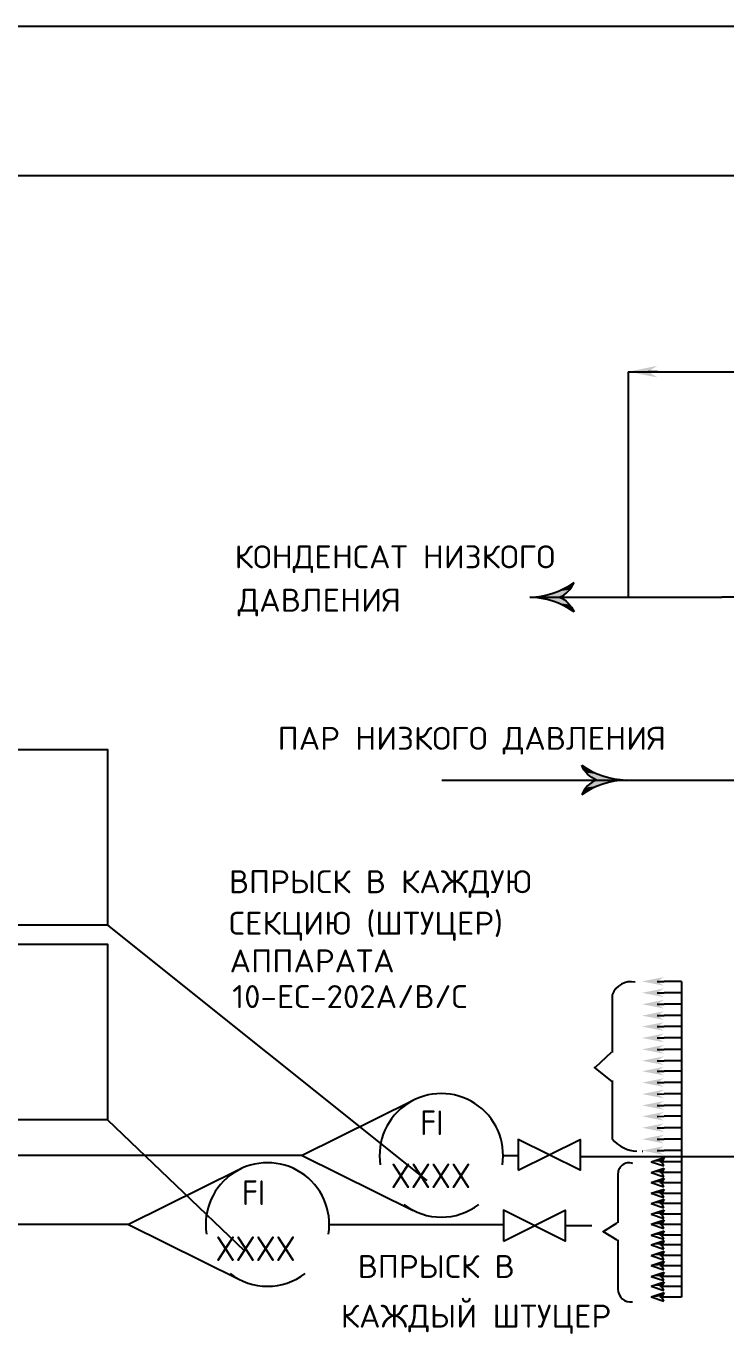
# Model space of a CAD drawing. Extents: x 78 to 490, y 181 to 404.
# Drawn here: x 375.41 to 379.37, y 203.66 to 211.07 of the extents above; entities that cross this region are included whole.
import ezdxf

# ---------------------------------------------------------------- set-up
doc = ezdxf.new("R2010")
doc.units = 0
doc.layers.get('0').update_dxf_attribs({"linetype": 'CONTINUOUS'})
doc.styles.add('SIMPLEX', font='SIMPLEX.shx')
doc.styles.get("Standard").update_dxf_attribs({"font": 'ISOCP'})

msp = doc.modelspace()

# ---------------------------------------------------------------- hatches: boundary and pattern name
at = {"linetype": 'Continuous'}
h = msp.add_hatch(dxfattribs=at)
h.set_pattern_fill('ANSI35', color=256, scale=0.0001, style=0)
h.set_pattern_definition([(45, (58.84049245, -7.5895502), (-0.0004490128061, 0.0004490128061), []), (45, (58.84094146, -7.5895502), (-0.0004490128061, 0.0004490128061), [0.00079375, -0.00015875, 0, -0.00015875])])
edge = h.paths.add_edge_path()
edge.add_line((379.0231, 204.6645), (379.0109, 204.6393))
edge.add_line((379.0222, 204.6159), (379.01, 204.641))
edge.add_line((378.9497, 204.64), (379.0222, 204.6159))
edge.add_line((378.9497, 204.64), (379.0231, 204.6645))
h = msp.add_hatch(dxfattribs=at)
h.set_pattern_fill('ANSI35', color=256, scale=0.0001, style=0)
h.set_pattern_definition([(45, (58.84049245, -7.65037685), (-0.0004490128061, 0.0004490128061), []), (45, (58.84094146, -7.65037685), (-0.0004490128061, 0.0004490128061), [0.00079375, -0.00015875, 0, -0.00015875])])
edge = h.paths.add_edge_path()
edge.add_line((379.0231, 204.6036), (379.0109, 204.5785))
edge.add_line((379.0222, 204.555), (379.01, 204.5802))
edge.add_line((378.9497, 204.5792), (379.0222, 204.555))
edge.add_line((378.9497, 204.5792), (379.0231, 204.6036))
h = msp.add_hatch(dxfattribs=at)
h.set_pattern_fill('ANSI35', color=256, scale=0.0001, style=0)
h.set_pattern_definition([(45, (58.84049245, -7.707719), (-0.0004490128061, 0.0004490128061), []), (45, (58.84094146, -7.707719), (-0.0004490128061, 0.0004490128061), [0.00079375, -0.00015875, 0, -0.00015875])])
edge = h.paths.add_edge_path()
edge.add_line((379.0231, 204.5463), (379.0109, 204.5211))
edge.add_line((379.0222, 204.4977), (379.01, 204.5229))
edge.add_line((378.9497, 204.5219), (379.0222, 204.4977))
edge.add_line((378.9497, 204.5219), (379.0231, 204.5463))
h = msp.add_hatch(dxfattribs=at)
h.set_pattern_fill('ANSI35', color=256, scale=0.0001, style=0)
h.set_pattern_definition([(45, (58.84049245, -7.7685456), (-0.0004490128061, 0.0004490128061), []), (45, (58.84094146, -7.7685456), (-0.0004490128061, 0.0004490128061), [0.00079375, -0.00015875, 0, -0.00015875])])
edge = h.paths.add_edge_path()
edge.add_line((379.0231, 204.4855), (379.0109, 204.4603))
edge.add_line((379.0222, 204.4369), (379.01, 204.462))
edge.add_line((378.9497, 204.461), (379.0222, 204.4369))
edge.add_line((378.9497, 204.461), (379.0231, 204.4855))
h = msp.add_hatch(dxfattribs=at)
h.set_pattern_fill('ANSI35', color=256, scale=0.0001, style=0)
h.set_pattern_definition([(45, (58.84049245, -7.8258879), (-0.0004490128061, 0.0004490128061), []), (45, (58.84094146, -7.8258879), (-0.0004490128061, 0.0004490128061), [0.00079375, -0.00015875, 0, -0.00015875])])
edge = h.paths.add_edge_path()
edge.add_line((379.0231, 204.4281), (379.0109, 204.403))
edge.add_line((379.0222, 204.3795), (379.01, 204.4047))
edge.add_line((378.9497, 204.4037), (379.0222, 204.3795))
edge.add_line((378.9497, 204.4037), (379.0231, 204.4281))
h = msp.add_hatch(dxfattribs=at)
h.set_pattern_fill('ANSI35', color=256, scale=0.0001, style=0)
h.set_pattern_definition([(45, (58.84049245, -7.88671455), (-0.0004490128061, 0.0004490128061), []), (45, (58.84094146, -7.88671455), (-0.0004490128061, 0.0004490128061), [0.00079375, -0.00015875, 0, -0.00015875])])
edge = h.paths.add_edge_path()
edge.add_line((379.0231, 204.3673), (379.0109, 204.3421))
edge.add_line((379.0222, 204.3187), (379.01, 204.3439))
edge.add_line((378.9497, 204.3429), (379.0222, 204.3187))
edge.add_line((378.9497, 204.3429), (379.0231, 204.3673))
h = msp.add_hatch(dxfattribs=at)
h.set_pattern_fill('ANSI35', color=256, scale=0.0001, style=0)
h.set_pattern_definition([(45, (58.84049245, -7.9440567), (-0.0004490128061, 0.0004490128061), []), (45, (58.84094146, -7.9440567), (-0.0004490128061, 0.0004490128061), [0.00079375, -0.00015875, 0, -0.00015875])])
edge = h.paths.add_edge_path()
edge.add_line((379.0231, 204.31), (379.0109, 204.2848))
edge.add_line((379.0222, 204.2614), (379.01, 204.2865))
edge.add_line((378.9497, 204.2855), (379.0222, 204.2614))
edge.add_line((378.9497, 204.2855), (379.0231, 204.31))
h = msp.add_hatch(dxfattribs=at)
h.set_pattern_fill('ANSI35', color=256, scale=0.0001, style=0)
h.set_pattern_definition([(45, (58.84049245, -8.0048833), (-0.0004490128061, 0.0004490128061), []), (45, (58.84094146, -8.0048833), (-0.0004490128061, 0.0004490128061), [0.00079375, -0.00015875, 0, -0.00015875])])
edge = h.paths.add_edge_path()
edge.add_line((379.0231, 204.2491), (379.0109, 204.224))
edge.add_line((379.0222, 204.2005), (379.01, 204.2257))
edge.add_line((378.9497, 204.2247), (379.0222, 204.2005))
edge.add_line((378.9497, 204.2247), (379.0231, 204.2491))
h = msp.add_hatch(dxfattribs=at)
h.set_pattern_fill('ANSI35', color=256, scale=0.0001, style=0)
h.set_pattern_definition([(45, (58.84049245, -8.059996), (-0.0004490128061, 0.0004490128061), []), (45, (58.84094146, -8.059996), (-0.0004490128061, 0.0004490128061), [0.00079375, -0.00015875, 0, -0.00015875])])
edge = h.paths.add_edge_path()
edge.add_line((379.0231, 204.194), (379.0109, 204.1689))
edge.add_line((379.0222, 204.1454), (379.01, 204.1706))
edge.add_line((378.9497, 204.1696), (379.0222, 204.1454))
== == ==
EXERCISE OBJECTIVE: The assignment is to restate, word for word, each line from the one containing "edge.add_line((378.9497, 204.2247), (379.0231, 204.2491))" through the final line of the material above.

OUTPUT:
edge.add_line((378.9497, 204.2247), (379.0231, 204.2491))
h = msp.add_hatch(dxfattribs=at)
h.set_pattern_fill('ANSI35', color=256, scale=0.0001, style=0)
h.set_pattern_definition([(45, (58.84049245, -8.059996), (-0.0004490128061, 0.0004490128061), []), (45, (58.84094146, -8.059996), (-0.0004490128061, 0.0004490128061), [0.00079375, -0.00015875, 0, -0.00015875])])
edge = h.paths.add_edge_path()
edge.add_line((379.0231, 204.194), (379.0109, 204.1689))
edge.add_line((379.0222, 204.1454), (379.01, 204.1706))
edge.add_line((378.9497, 204.1696), (379.0222, 204.1454))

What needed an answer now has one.